Ethnographic Investigation of People’s
Interpretive Frameworks
One of the strengths of LISA studies is the in-depth
investigation of the speakers’ interpretive frameworks – how speakers themselves
respond to language as reflective or constitutive of identity. This
metapragmatic awareness, and its relationship to
other indexicalities, is an important area of research
in LISA. Silverstein (2001) proposed a classification
that specifies under what kinds of conditions, and
how, a linguistic form is likely to be accessible to
metapragmatic awareness. While there is not space
to explain these principles here, Silverstein’s work
suggested that certain types of linguistic forms
are more accessible resources for speakers to use to
connect with identities.
Holland and Skinner (1987) took another approach, and argued that identities be
understood as
organized in the cultural models that speakers hold
for the world. Such models are more specific than
ideologies; they are in essence normative narratives
of life trajectories or domains to which actual people
are compared, especially in language. Holland and
Skinner used the cultural model concept to understand how women at a southern U.S.

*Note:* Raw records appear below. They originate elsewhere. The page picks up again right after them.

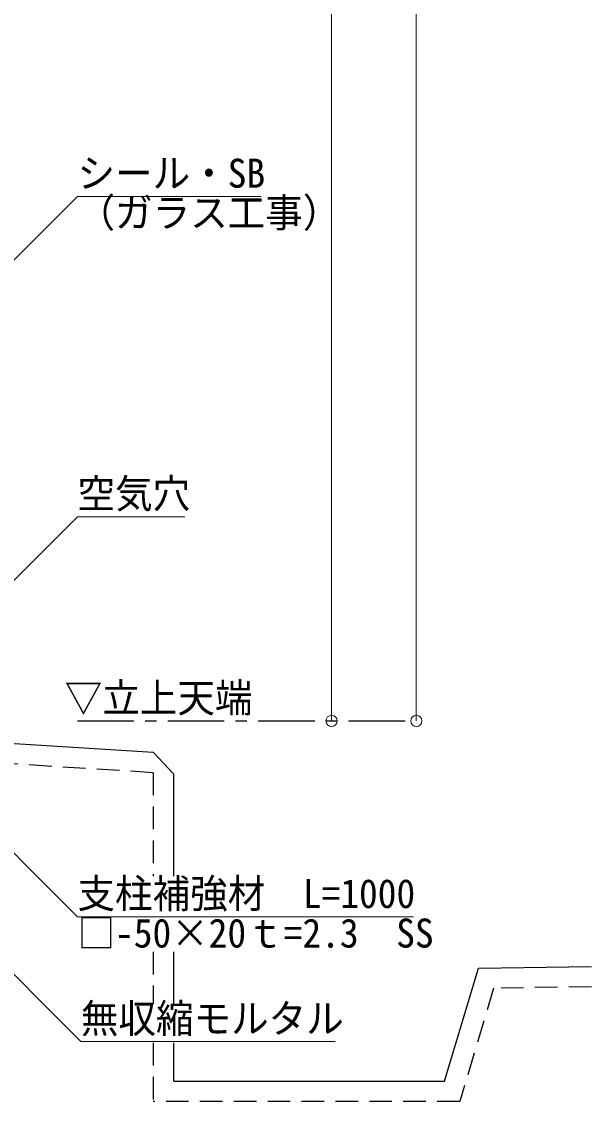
# Model space of a CAD drawing. Units: millimetres at full size, sheet at 1:5; details may follow other scales. Extents: x -1050 to 1050, y -742 to 742.
# Drawn here: x -527.2 to -275, y -392.7 to 85.4 of the extents above; entities that cross this region are included whole.
import ezdxf
from ezdxf.enums import TextEntityAlignment as Align

# ---------------------------------------------------------------- set-up
doc = ezdxf.new("R2010")
doc.units = ezdxf.units.MM
doc.header["$LTSCALE"] = 5
doc.linetypes.add('CHAIN1', pattern=[8, 5, -1, 1, -1])
doc.linetypes.add('DASHED2', pattern=[3, 2, -1])
doc.layers.add('0-0_通り芯', color=7, linetype='CHAIN1')
doc.layers.add('0-1_躯体', color=134, linetype='Continuous')
doc.layers.add('0-3_寸法', color=54, linetype='Continuous', lineweight=20)
doc.layers.add('0-9_文字', color=3, linetype='Continuous', lineweight=20)
doc.styles.add('ＭＳ ゴシック', font='')
doc.styles.get('ＭＳ ゴシック').set_extended_font_data('MS Gothic')

# ---------------------------------------------------------------- blocks, each defined once
blk = doc.blocks.new('dimension_origin')
at = {"color": 0, "linetype": 'Continuous', "lineweight": -2}
blk.add_circle((0, 0), 1.25, dxfattribs=at)

msp = doc.modelspace()

# ---------------------------------------------------------------- linework, layer by layer
at = {"layer": '0-0_通り芯'}
msp.add_line((-502.5, -224.293), (-352.5, -224.293), dxfattribs=at)
at = {"layer": '0-1_躯体', "linetype": 'DASHED2'}
for p, q in [((-469, -247.187), (-537.5, -242.905)), ((-469, -247.187), (-469, -292.981)), ((-469, -326.489), (-469, -349.508)), ((-318.274, -342.632), (-333.304, -392.732)), ((-275, -341.985), (-318.274, -342.632)), ((-469, -366.829), (-469, -392.732)), ((-333.304, -392.732), (-469, -392.732))]:
    msp.add_line(p, q, dxfattribs=at)
at = {"layer": '0-1_躯体'}
for p, q in [((-460, -247.732), (-460, -292.981)), ((-460, -326.489), (-460, -349.508)), ((-340, -383.732), (-325, -333.732)), ((-325, -333.732), (-275, -332.984)), ((-460, -366.829), (-460, -383.732)), ((-460, -383.732), (-340, -383.732))]:
    msp.add_line(p, q, dxfattribs=at)
msp.add_lwpolyline([(-691.018, -224.293), (-468.983, -238.17), (-460, -247.732)], dxfattribs=at)
at = {"layer": '0-3_寸法'}
for p, q in [((-352.5, 495), (-352.5, -224.293)), ((-390, 470), (-390, -224.293))]:
    msp.add_line(p, q, dxfattribs=at)
at = {"layer": '0-9_文字'}
for points in [[(-735.805, -225.329), (-502.5, 7.976), (-421.25, 7.976)], [(-578.799, -210.171), (-502.5, -133.883), (-455, -133.883)], [(-555, -258.466), (-502.5, -310.966), (-353.75, -310.966)], [(-547.397, -319.886), (-501.001, -366.282), (-388.501, -366.282)]]:
    msp.add_lwpolyline(points, dxfattribs=at)

# ---------------------------------------------------------------- block references
at = {"layer": '0-3_寸法', "xscale": 2, "yscale": 2, "rotation": 90}
for p in [(-390, -224.293), (-352.5, -224.293)]:
    msp.add_blockref('dimension_origin', p, dxfattribs=at)

# ---------------------------------------------------------------- texts
at = {"layer": '0-9_文字', "style": 'ＭＳ ゴシック', "width": 0.95}
for s, p in [('シール・SB', (-502.5, 7.976)), ('（ガラス工事）', (-502.5, -9.524)), ('空気穴', (-502.5, -133.883)), ('▽立上天端', (-508.163, -224.293)), ('支柱補強材\u3000L=1000', (-502.5, -310.966)), ('□-50×20ｔ=2.3\u3000SS', (-502.5, -328.466)), ('無収縮モルタル', (-501.001, -366.282))]:
    msp.add_text(s, height=12.83, dxfattribs=at).set_placement(p, align=Align.BOTTOM_LEFT)

doc.saveas('drawing.dxf')

college semantically organize the language they use to describe men.
Such interpretations of the relationship between
language and identity are beginning to be articulated
with traditional dialectological questions about how
language relates to place. Johnstone (2004a, 2004b)
suggested that a speaker’s emplacement – that is,
being culturally connected to place – is not simply
another census identity, but one that is discursively
negotiated like others. Speakers who live in the same
geographical space take different orientations to it
as a culturally meaningful place, and local dialect
forms may function in various ways in everyday
talk, in self-conscious performances, and in metalinguistic talk about the dialect, to
index these orientations. The use of dialect forms to index orientation
to place may help determine which forms are preserved and which are lost over time.
This work indicates that even such taken-for-granted categories as
place are ideologically organized by speakers, and
that this ideological organization can affect the way
speakers use language, and its meaning in terms of
identities.
Language and Identity over Time
Future research in LISA is likely to focus on further
understanding the ways in which indexicality works
to create identities in interaction, from a number of
perspectives. For one, the question of awareness is
still a very open one, in which even what counts as
awareness is not entirely clear. One can imagine a
typology of awareness that can then be matched
with Silverstein’s accessibility hierarchy. Awareness
may also be promoted by the media as well as faceto-face communication, and it is not
clear the ways
in which these modes of mediation differ for the
creation of identity categories and indexicalities.
Finally, the ways in which the use of these indexicalities construct and re-create identity
categories, and
especially relations of dominance among them, will
continue to be a puzzle for some time.